Küçük bir ilave: Bırakın okumayı, dinlerken bile bu böyledir. Çok güzel bir şiiri biri yorumlar, hiç beğenmezsiniz, birkaçını sizlerin de bildiğiniz isimlerden biri düz bir metni şiirmiş gibi okur, hayran kalabilirsiniz. Yine bu, müzikte de böyledir. Dinlediğiniz ve çok beğendiğiniz şarkıların sözlerini bir kenara not etmeyi hiç düşündünüz mü? Bu şiirden böyle muhteşem bir esen nasıl çıkmış dediğiniz hiç mi olmadı? Bestekarlara da epeyce haksızlık edilmiş olmuyor mu güfte sahiplerine olduğu kadar o halde?
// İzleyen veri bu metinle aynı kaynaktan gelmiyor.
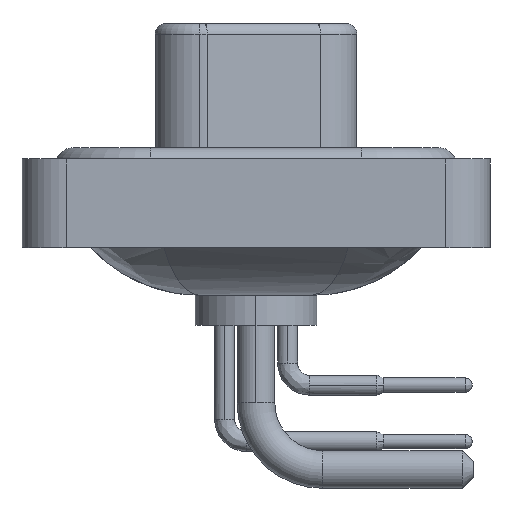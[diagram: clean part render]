
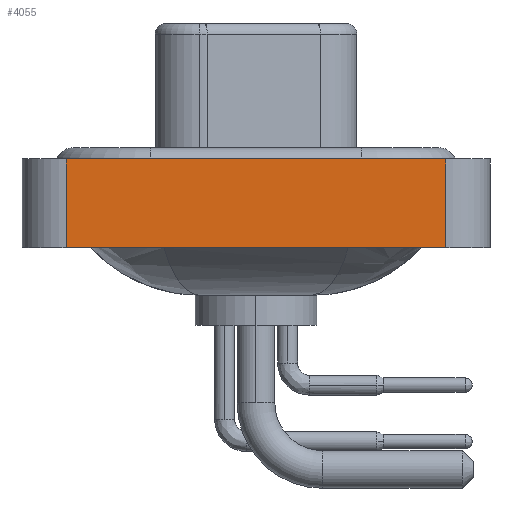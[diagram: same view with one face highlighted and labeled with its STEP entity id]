
A CAD part, left-side view. The second image highlights one B-rep face of the part: STEP entity #4055.
In plain terms, the highlighted planar face has unit normal (-1, 0, 0).
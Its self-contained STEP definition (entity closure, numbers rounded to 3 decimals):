
#981 = ORIENTED_EDGE ( 'NONE', *, *, #16964, .T. ) ;
#1514 = CARTESIAN_POINT ( 'NONE',  ( -7.35, -8.55, 0.4 ) ) ;
#2438 = ORIENTED_EDGE ( 'NONE', *, *, #9749, .F. ) ;
#3186 = AXIS2_PLACEMENT_3D ( 'NONE', #9276, #24573, #4792 ) ;
#3331 = DIRECTION ( 'NONE',  ( 0., 0., 1. ) ) ;
#3535 = EDGE_LOOP ( 'NONE', ( #981, #2438, #14370, #17733 ) ) ;
#4055 = ADVANCED_FACE ( 'NONE', ( #9128 ), #15759, .T. ) ;
#4123 = VECTOR ( 'NONE', #24071, 1000. ) ;
#4792 = DIRECTION ( 'NONE',  ( 0., 0., 1. ) ) ;
#4803 = EDGE_CURVE ( 'NONE', #16790, #16075, #14956, .T. ) ;
#5463 = CARTESIAN_POINT ( 'NONE',  ( -7.35, 8.55, -3.6 ) ) ;
#9128 = FACE_OUTER_BOUND ( 'NONE', #3535, .T. ) ;
#9276 = CARTESIAN_POINT ( 'NONE',  ( -7.35, -8.55, -3.6 ) ) ;
#9749 = EDGE_CURVE ( 'NONE', #14681, #9772, #12151, .T. ) ;
#9772 = VERTEX_POINT ( 'NONE', #11862 ) ;
#11862 = CARTESIAN_POINT ( 'NONE',  ( -7.35, -8.55, 0.4 ) ) ;
#12151 = LINE ( 'NONE', #1514, #17123 ) ;
#14370 = ORIENTED_EDGE ( 'NONE', *, *, #16257, .F. ) ;
#14681 = VERTEX_POINT ( 'NONE', #19489 ) ;
#14956 = LINE ( 'NONE', #15252, #4123 ) ;
#15029 = CARTESIAN_POINT ( 'NONE',  ( -7.35, -8.55, -3.6 ) ) ;
#15252 = CARTESIAN_POINT ( 'NONE',  ( -7.35, -8.55, -3.6 ) ) ;
#15508 = DIRECTION ( 'NONE',  ( 0., 0., 1. ) ) ;
#15759 = PLANE ( 'NONE',  #3186 ) ;
#16075 = VERTEX_POINT ( 'NONE', #15029 ) ;
#16257 = EDGE_CURVE ( 'NONE', #16790, #14681, #25246, .T. ) ;
#16790 = VERTEX_POINT ( 'NONE', #27802 ) ;
#16906 = DIRECTION ( 'NONE',  ( 0., -1., 0. ) ) ;
#16964 = EDGE_CURVE ( 'NONE', #16075, #9772, #26196, .T. ) ;
#17123 = VECTOR ( 'NONE', #16906, 1000. ) ;
#17733 = ORIENTED_EDGE ( 'NONE', *, *, #4803, .T. ) ;
#17964 = VECTOR ( 'NONE', #15508, 1000. ) ;
#19489 = CARTESIAN_POINT ( 'NONE',  ( -7.35, 8.55, 0.4 ) ) ;
#22984 = VECTOR ( 'NONE', #3331, 1000. ) ;
#24047 = CARTESIAN_POINT ( 'NONE',  ( -7.35, -8.55, -3.6 ) ) ;
#24071 = DIRECTION ( 'NONE',  ( 0., -1., 0. ) ) ;
#24573 = DIRECTION ( 'NONE',  ( -1., 0., 0. ) ) ;
#25246 = LINE ( 'NONE', #5463, #22984 ) ;
#26196 = LINE ( 'NONE', #24047, #17964 ) ;
#27802 = CARTESIAN_POINT ( 'NONE',  ( -7.35, 8.55, -3.6 ) ) ;

Sonuç olarak neyi değerlendirdiğimizin farkında olmak zorundayız. Bu güç gelebilir ama doğrusu bu işte.
Şimdiye kadar ilk defa E_Kurul ile aynı fikirde buluştuğumuzu itiraf etmek zorunda kaldım.
ŞİİR DİĞER EDEBİ ESERLERE HİÇ Mİ HİÇ BENZEMEZ....
YAZILDIĞI DİLE AİT SÜSLEMELERLE,KELİME OYUNLARIYLA,SES VURGULAMALARIYLA ,BAZEN MÜZİKSEL BİR YAPIYA SAHİPTİR VE ÇEVİRİLDİĞİNDE BU ÖZELLİKLERİNDEN ÇOĞUNU YİTİRİR Kİ, ONUN KAİTESİNİ VEREN TÜM ÖGELERİNİ ALMIŞ OLURUZ ÇEVİRDİĞİMİZDE.
ANLAMAK İSTEMEYENLERE TEKRAR DUYURULUR....
ŞİİRİ ŞİİR YAPAN SADECE ANLAMI DEĞİLDİR....
BUNU ,MONA LİSA'YI KELİMELERLE ANLATMAYA BENZETEBİLİRİZ.
VE ŞİİRİ ÇEVİREN KİŞİ ÇOK HARİKA BİR ÇEVİRİ YAPMIŞSA DA,BUNA KOLAYLIKLA O ÇEVİRMENİN YENİ BİR ŞİİRİ DEMEK MÜMKÜNDÜR BENCE.
FİKRET ŞAHİN
İthal......estetik fukarası ve de anlamsız.
Nasıl bir şiir,noktasız ,virgülsüz, ünlemsiz...
Ya da çevirende şiire katacak ruh yok:?